13.10 TERMINATION OF EMPLOYMENT. The Committee shall determine and set forth in the Participant’s employment agreement, if any, and the applicable Award Agreement, whether any awards granted in such Award Agreement will continue to be exercisable, and the terms of such exercise, on and after the date that a Participant ceases to be employed by or to provide services to the Company (including as a director), whether by reason of death, Disability, voluntary or involuntary termination of employment or services, or otherwise.

13.11 DEFERRAL. The Committee shall be authorized to establish procedures pursuant to which the payment of any award may be deferred in a manner consistent with Section 409A of the Code.

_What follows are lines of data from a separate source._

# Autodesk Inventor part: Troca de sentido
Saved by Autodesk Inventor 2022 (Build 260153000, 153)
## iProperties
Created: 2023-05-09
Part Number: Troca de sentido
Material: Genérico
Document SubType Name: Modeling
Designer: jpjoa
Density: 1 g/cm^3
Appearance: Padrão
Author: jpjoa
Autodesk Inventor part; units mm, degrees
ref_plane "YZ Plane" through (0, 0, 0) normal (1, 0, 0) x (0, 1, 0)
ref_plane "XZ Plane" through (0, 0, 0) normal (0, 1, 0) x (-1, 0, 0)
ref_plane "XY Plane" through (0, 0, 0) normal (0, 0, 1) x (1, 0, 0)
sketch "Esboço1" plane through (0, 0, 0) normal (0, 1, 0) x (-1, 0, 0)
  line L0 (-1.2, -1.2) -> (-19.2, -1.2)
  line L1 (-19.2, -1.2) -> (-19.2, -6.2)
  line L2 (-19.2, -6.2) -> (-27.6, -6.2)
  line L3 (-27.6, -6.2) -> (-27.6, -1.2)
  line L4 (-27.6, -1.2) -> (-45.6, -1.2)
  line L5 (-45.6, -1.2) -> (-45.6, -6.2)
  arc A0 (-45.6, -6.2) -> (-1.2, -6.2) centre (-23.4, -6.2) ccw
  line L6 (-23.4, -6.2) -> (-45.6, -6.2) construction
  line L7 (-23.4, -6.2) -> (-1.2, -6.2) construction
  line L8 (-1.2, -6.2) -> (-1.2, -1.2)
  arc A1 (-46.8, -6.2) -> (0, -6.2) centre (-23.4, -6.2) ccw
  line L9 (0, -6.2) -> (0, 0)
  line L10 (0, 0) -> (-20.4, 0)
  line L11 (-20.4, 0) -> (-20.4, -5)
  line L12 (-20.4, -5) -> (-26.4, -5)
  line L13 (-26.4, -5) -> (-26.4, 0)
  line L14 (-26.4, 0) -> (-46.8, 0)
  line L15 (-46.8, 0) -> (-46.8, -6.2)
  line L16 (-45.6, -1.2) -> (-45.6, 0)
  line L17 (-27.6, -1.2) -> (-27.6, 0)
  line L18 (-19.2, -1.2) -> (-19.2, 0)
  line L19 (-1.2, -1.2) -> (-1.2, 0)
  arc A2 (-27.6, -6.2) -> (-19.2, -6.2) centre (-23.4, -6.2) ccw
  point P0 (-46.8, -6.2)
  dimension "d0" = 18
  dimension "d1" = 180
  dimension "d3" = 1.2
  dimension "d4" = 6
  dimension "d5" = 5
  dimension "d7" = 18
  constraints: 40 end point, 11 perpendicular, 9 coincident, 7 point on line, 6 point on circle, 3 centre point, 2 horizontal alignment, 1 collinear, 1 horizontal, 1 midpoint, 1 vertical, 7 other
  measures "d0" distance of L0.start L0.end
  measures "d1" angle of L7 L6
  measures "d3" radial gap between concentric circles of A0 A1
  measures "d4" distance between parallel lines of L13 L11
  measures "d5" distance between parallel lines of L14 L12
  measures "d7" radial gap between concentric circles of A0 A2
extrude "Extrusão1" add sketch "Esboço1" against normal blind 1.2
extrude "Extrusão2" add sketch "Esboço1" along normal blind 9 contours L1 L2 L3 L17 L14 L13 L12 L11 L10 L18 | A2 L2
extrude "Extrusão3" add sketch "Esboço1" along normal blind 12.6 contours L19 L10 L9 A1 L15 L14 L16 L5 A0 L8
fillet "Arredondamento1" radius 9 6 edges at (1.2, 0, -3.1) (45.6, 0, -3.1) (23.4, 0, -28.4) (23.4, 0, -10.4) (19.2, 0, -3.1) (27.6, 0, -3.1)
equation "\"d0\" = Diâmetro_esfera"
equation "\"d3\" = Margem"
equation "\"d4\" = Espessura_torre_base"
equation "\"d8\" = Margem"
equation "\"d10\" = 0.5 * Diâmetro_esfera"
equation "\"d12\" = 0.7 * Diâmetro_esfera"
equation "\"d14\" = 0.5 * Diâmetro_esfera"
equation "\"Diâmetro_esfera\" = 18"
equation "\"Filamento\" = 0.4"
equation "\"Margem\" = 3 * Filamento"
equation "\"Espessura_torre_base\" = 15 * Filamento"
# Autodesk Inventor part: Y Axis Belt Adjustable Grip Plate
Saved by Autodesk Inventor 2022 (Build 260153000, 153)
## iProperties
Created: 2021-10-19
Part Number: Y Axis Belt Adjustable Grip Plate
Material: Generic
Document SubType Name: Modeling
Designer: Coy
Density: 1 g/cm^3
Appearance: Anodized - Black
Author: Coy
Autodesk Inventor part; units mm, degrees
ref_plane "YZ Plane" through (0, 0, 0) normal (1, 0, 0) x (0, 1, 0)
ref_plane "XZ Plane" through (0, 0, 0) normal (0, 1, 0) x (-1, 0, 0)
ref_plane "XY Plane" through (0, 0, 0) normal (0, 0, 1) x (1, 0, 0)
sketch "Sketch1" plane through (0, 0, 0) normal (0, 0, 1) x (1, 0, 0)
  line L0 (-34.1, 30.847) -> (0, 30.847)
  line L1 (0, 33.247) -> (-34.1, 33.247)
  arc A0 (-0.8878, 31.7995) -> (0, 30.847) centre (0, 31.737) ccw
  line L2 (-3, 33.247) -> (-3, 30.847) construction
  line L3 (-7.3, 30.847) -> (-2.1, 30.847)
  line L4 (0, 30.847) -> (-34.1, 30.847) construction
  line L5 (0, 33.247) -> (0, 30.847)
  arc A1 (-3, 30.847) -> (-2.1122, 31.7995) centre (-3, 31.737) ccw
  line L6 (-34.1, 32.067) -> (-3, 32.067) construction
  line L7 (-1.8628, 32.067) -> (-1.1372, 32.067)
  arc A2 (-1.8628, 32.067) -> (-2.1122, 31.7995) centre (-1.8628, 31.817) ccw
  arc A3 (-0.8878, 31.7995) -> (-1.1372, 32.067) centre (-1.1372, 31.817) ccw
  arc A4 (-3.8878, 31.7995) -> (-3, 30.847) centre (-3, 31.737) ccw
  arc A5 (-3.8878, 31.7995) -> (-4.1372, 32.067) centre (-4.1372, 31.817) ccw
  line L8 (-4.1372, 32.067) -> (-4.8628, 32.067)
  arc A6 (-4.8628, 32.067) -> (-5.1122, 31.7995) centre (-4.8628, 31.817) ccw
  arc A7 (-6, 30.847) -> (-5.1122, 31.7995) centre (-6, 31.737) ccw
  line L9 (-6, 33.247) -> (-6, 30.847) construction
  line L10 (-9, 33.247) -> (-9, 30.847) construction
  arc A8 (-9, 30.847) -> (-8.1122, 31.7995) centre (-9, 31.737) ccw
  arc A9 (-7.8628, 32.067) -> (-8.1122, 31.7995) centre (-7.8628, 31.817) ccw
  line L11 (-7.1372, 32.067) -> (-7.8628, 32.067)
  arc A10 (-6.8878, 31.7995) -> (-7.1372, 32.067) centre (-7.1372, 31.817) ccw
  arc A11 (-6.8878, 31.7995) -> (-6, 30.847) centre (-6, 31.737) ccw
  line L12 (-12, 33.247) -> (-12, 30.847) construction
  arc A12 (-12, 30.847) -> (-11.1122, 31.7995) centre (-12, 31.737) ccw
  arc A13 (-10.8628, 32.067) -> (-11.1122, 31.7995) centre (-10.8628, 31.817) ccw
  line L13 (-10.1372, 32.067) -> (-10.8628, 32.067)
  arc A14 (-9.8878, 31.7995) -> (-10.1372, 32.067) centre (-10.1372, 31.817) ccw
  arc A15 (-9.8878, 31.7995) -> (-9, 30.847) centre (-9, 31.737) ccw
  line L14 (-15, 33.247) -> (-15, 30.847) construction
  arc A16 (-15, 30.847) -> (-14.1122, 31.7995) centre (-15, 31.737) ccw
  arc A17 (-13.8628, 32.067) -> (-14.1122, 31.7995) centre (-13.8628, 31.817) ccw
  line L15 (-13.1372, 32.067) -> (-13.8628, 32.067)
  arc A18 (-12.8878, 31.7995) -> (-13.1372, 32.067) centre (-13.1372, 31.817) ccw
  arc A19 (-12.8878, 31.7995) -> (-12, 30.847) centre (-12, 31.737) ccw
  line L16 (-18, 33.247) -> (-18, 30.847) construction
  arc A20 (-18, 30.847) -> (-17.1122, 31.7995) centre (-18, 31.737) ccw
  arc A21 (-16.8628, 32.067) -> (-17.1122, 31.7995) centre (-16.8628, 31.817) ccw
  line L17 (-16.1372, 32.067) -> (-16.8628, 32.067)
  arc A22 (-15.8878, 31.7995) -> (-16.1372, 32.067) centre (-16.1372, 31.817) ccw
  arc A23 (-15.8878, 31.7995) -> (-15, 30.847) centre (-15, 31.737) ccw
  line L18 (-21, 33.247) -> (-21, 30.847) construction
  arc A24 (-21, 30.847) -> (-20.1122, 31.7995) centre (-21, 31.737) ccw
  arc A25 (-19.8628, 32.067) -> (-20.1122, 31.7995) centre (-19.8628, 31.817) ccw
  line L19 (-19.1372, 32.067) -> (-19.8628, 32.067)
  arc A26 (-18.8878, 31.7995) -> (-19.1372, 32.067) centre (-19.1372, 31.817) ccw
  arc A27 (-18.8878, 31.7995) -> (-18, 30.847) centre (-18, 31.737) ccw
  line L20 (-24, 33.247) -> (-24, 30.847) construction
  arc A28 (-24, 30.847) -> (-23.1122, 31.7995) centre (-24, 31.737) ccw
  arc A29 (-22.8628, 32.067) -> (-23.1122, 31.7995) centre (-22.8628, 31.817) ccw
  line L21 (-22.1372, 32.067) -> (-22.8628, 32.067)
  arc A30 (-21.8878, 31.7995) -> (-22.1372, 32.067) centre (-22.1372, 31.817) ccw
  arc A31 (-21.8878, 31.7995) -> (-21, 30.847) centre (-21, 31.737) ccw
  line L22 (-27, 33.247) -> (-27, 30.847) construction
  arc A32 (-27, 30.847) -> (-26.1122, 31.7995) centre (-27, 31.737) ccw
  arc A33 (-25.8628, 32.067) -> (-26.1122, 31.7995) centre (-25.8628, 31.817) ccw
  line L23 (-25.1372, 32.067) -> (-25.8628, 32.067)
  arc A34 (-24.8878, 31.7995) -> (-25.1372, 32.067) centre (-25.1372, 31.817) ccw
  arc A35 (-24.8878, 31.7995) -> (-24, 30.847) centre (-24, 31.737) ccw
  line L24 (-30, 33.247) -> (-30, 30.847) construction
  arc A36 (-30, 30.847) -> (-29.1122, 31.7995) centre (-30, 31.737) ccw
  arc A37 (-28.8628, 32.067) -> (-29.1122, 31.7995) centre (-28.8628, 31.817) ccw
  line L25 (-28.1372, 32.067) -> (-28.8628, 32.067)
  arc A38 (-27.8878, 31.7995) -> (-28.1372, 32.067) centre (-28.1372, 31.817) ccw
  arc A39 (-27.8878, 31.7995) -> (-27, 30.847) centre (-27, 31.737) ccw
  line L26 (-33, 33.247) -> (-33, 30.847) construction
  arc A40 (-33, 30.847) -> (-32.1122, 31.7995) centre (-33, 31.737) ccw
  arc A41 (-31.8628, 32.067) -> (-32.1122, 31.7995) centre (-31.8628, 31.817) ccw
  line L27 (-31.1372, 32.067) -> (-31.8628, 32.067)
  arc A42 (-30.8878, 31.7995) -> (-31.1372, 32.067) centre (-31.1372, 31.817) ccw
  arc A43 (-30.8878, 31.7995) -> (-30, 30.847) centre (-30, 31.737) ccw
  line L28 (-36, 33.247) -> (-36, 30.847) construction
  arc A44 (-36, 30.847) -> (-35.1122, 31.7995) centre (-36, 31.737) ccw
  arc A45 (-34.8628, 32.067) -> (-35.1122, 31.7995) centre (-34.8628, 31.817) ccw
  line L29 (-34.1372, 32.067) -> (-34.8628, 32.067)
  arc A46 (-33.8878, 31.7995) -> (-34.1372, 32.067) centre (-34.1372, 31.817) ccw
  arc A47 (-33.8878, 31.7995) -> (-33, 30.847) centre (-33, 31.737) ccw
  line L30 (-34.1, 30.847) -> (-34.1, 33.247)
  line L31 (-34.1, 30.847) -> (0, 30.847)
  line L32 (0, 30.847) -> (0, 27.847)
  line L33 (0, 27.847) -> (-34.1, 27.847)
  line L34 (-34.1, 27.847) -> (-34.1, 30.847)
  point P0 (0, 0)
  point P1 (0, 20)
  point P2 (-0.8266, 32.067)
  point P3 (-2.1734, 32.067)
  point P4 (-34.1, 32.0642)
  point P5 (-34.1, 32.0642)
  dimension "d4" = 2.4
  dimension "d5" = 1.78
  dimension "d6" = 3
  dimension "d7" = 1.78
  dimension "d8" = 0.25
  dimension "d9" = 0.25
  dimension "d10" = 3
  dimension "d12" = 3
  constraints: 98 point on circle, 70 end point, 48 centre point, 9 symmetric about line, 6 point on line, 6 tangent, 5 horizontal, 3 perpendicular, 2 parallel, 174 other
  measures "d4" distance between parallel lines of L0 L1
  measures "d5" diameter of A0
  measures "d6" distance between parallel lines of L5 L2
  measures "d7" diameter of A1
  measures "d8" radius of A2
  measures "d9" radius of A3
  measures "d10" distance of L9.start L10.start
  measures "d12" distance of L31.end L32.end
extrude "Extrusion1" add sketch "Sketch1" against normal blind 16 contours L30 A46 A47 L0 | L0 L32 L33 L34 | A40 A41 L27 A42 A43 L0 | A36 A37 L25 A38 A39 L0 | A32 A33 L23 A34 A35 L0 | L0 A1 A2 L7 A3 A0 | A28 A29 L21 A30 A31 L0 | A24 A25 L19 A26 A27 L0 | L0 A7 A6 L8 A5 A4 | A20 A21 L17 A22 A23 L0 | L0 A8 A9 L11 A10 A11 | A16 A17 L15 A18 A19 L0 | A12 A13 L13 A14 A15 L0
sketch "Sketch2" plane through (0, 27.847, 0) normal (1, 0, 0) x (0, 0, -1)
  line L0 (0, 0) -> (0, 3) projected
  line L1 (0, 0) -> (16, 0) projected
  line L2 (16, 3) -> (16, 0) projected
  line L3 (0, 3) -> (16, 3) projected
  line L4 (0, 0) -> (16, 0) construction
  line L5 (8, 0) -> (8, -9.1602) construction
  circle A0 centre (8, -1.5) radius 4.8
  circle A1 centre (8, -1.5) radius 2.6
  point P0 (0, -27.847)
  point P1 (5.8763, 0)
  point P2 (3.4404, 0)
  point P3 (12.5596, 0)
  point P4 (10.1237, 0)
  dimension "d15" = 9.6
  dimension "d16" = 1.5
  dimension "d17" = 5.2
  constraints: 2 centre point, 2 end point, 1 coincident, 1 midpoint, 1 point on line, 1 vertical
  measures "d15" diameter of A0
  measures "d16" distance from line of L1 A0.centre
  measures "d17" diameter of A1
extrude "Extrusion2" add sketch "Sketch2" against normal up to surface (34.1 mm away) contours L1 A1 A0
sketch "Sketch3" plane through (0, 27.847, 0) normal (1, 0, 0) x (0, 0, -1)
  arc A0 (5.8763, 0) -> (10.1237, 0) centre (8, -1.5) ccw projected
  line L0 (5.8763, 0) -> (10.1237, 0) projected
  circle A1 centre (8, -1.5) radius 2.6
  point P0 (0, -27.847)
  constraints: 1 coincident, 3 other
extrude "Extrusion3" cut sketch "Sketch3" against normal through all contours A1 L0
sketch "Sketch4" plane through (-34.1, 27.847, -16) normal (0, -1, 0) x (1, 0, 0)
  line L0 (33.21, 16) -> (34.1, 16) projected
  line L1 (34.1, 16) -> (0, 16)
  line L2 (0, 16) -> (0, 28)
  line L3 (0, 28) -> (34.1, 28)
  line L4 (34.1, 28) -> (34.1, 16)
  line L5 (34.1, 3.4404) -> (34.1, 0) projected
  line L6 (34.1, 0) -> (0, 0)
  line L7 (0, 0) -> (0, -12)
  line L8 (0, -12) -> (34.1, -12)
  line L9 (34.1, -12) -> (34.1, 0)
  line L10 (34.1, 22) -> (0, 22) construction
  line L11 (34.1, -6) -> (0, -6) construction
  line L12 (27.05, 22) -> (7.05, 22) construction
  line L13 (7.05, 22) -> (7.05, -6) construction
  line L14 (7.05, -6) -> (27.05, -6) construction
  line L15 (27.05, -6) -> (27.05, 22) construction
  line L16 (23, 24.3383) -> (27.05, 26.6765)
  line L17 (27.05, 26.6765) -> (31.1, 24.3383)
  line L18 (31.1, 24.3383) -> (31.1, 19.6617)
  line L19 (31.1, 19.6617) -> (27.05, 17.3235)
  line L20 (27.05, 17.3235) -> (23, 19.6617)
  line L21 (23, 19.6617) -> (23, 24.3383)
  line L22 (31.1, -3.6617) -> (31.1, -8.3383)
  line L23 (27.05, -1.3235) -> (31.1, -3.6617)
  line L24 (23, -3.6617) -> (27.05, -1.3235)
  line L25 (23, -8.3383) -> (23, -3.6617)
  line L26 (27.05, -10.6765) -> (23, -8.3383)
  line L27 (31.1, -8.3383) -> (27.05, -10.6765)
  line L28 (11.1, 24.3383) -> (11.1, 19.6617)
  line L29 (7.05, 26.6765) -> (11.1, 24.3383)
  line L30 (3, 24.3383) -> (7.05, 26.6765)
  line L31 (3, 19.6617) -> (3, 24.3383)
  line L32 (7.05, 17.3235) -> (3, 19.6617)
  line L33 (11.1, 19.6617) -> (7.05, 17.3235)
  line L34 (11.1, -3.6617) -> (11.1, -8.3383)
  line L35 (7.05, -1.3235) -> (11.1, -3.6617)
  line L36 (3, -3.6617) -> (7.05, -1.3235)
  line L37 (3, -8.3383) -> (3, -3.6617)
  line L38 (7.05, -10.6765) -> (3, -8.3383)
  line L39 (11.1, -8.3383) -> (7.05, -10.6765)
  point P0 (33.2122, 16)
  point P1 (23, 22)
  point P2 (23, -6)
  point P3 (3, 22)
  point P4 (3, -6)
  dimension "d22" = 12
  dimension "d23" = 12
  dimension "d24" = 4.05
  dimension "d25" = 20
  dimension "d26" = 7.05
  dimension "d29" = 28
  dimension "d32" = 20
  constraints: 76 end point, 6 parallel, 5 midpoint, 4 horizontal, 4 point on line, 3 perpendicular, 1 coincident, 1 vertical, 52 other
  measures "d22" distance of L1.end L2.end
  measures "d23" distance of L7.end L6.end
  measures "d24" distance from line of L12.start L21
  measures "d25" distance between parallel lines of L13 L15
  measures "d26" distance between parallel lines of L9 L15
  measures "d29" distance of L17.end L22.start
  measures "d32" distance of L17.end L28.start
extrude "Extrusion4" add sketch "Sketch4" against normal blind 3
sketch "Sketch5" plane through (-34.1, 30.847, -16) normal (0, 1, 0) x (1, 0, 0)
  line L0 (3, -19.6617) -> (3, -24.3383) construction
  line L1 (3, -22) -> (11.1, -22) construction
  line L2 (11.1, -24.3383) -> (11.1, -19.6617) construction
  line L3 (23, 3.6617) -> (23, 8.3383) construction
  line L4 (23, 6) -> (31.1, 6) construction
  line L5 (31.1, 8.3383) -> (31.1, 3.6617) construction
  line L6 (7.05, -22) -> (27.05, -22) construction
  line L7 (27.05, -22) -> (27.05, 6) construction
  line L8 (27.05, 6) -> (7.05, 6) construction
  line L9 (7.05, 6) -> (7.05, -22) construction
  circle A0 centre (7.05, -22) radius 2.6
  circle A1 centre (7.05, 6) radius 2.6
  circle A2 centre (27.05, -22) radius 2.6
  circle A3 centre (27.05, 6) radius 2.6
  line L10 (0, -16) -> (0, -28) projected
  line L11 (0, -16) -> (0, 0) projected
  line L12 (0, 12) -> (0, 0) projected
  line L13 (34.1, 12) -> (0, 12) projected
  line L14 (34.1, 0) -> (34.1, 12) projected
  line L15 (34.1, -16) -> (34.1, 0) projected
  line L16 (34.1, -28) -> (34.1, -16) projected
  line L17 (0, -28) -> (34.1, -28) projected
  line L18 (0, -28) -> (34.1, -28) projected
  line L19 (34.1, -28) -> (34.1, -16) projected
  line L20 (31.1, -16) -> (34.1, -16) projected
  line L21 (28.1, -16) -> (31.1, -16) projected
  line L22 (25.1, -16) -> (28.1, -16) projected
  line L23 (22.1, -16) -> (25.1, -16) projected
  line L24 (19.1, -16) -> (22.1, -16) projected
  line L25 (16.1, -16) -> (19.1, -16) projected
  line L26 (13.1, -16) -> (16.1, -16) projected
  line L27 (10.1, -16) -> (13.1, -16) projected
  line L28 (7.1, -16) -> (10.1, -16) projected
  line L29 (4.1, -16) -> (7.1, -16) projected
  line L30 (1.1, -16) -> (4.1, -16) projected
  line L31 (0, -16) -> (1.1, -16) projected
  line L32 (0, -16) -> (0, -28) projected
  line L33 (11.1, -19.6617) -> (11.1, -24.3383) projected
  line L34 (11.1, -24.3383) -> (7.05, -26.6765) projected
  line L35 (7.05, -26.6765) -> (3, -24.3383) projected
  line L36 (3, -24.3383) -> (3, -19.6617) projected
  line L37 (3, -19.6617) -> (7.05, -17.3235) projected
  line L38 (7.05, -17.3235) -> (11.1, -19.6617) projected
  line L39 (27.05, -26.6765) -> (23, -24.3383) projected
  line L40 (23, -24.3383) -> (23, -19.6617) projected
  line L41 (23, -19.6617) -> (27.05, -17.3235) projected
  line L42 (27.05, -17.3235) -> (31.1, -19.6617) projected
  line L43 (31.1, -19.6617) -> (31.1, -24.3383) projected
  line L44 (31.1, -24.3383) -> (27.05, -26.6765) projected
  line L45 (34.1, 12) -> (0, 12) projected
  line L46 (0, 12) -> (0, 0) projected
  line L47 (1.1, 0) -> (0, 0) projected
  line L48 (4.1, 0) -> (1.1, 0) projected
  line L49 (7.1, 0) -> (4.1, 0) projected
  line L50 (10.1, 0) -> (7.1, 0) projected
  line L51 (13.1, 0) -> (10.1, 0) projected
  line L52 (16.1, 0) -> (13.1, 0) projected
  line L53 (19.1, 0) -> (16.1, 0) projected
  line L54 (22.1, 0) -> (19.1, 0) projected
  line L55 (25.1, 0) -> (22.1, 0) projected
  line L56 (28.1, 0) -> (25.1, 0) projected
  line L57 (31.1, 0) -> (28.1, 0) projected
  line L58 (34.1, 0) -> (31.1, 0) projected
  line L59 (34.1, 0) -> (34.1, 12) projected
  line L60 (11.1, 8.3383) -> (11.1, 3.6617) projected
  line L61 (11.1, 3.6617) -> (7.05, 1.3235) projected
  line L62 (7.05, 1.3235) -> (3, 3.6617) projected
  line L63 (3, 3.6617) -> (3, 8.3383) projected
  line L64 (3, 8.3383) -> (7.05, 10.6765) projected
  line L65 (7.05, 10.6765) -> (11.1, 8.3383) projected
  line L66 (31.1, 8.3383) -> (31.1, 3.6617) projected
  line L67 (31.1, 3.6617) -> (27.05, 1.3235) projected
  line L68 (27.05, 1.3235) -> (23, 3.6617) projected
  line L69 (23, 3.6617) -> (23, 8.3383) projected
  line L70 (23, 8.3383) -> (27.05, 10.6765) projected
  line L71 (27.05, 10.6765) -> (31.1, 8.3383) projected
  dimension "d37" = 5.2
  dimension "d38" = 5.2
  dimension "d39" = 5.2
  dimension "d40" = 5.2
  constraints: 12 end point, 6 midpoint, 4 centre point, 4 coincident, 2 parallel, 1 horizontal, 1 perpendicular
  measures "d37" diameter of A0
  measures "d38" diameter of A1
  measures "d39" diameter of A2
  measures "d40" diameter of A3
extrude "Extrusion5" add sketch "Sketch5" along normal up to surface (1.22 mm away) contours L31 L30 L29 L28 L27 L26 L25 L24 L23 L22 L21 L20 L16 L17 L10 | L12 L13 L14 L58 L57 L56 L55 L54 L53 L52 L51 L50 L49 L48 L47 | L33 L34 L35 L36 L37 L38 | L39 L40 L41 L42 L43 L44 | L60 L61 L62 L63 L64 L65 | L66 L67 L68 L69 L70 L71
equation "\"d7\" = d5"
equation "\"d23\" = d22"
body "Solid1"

13.12 GOVERNING LAW. The Plan and all grants and awards and actions taken hereunder will be governed by and construed in accordance with the laws of the State of Ohio, without regard to principles of conflict of laws of such state; provided, however, that matters of corporate law, including the issuance of shares of Common Stock, will be governed by the Delaware General Corporation Law.

13.13 CLAWBACK POLICY. All awards under the Plan granted to individuals who are subject to the Company’s clawback or recoupment policy (as in effect from time to time) shall be subject to such clawback or recoupment policy.

XIV. AMENDMENT AND TERMINATION

14.1 AMENDMENT OR TERMINATION OF THE PLAN. The Board of Directors may at any time terminate this Plan or any part thereof and may from time to time amend this Plan as it may deem advisable; provided, however, that the Board of Directors shall obtain stockholder approval of any amendment for which stockholder approval is required under Section 162(m) or 422 of the Code or the stockholder approval requirements imposed on the Company by the rules and regulations of the New York Stock Exchange, or if the shares of Common Stock are not traded on the New York Stock Exchange, the principal securities exchange upon which the shares of Common Stock are traded or quoted, including an amendment that would (i) increase the aggregate number of shares of Common Stock that may be issued under this Plan (other than increases permitted under Section 11.2), or (ii) extend the term of this Plan. The termination or amendment of this Plan shall not, without the consent of the Participant, adversely affect such Participant’s rights under an award previously granted.

14.2 TERM OF THE PLAN. Unless previously terminated pursuant to Section 14.1, this Plan shall terminate on the tenth anniversary of the date on which this Plan became effective, and no awards may be granted under this Plan on or after such date.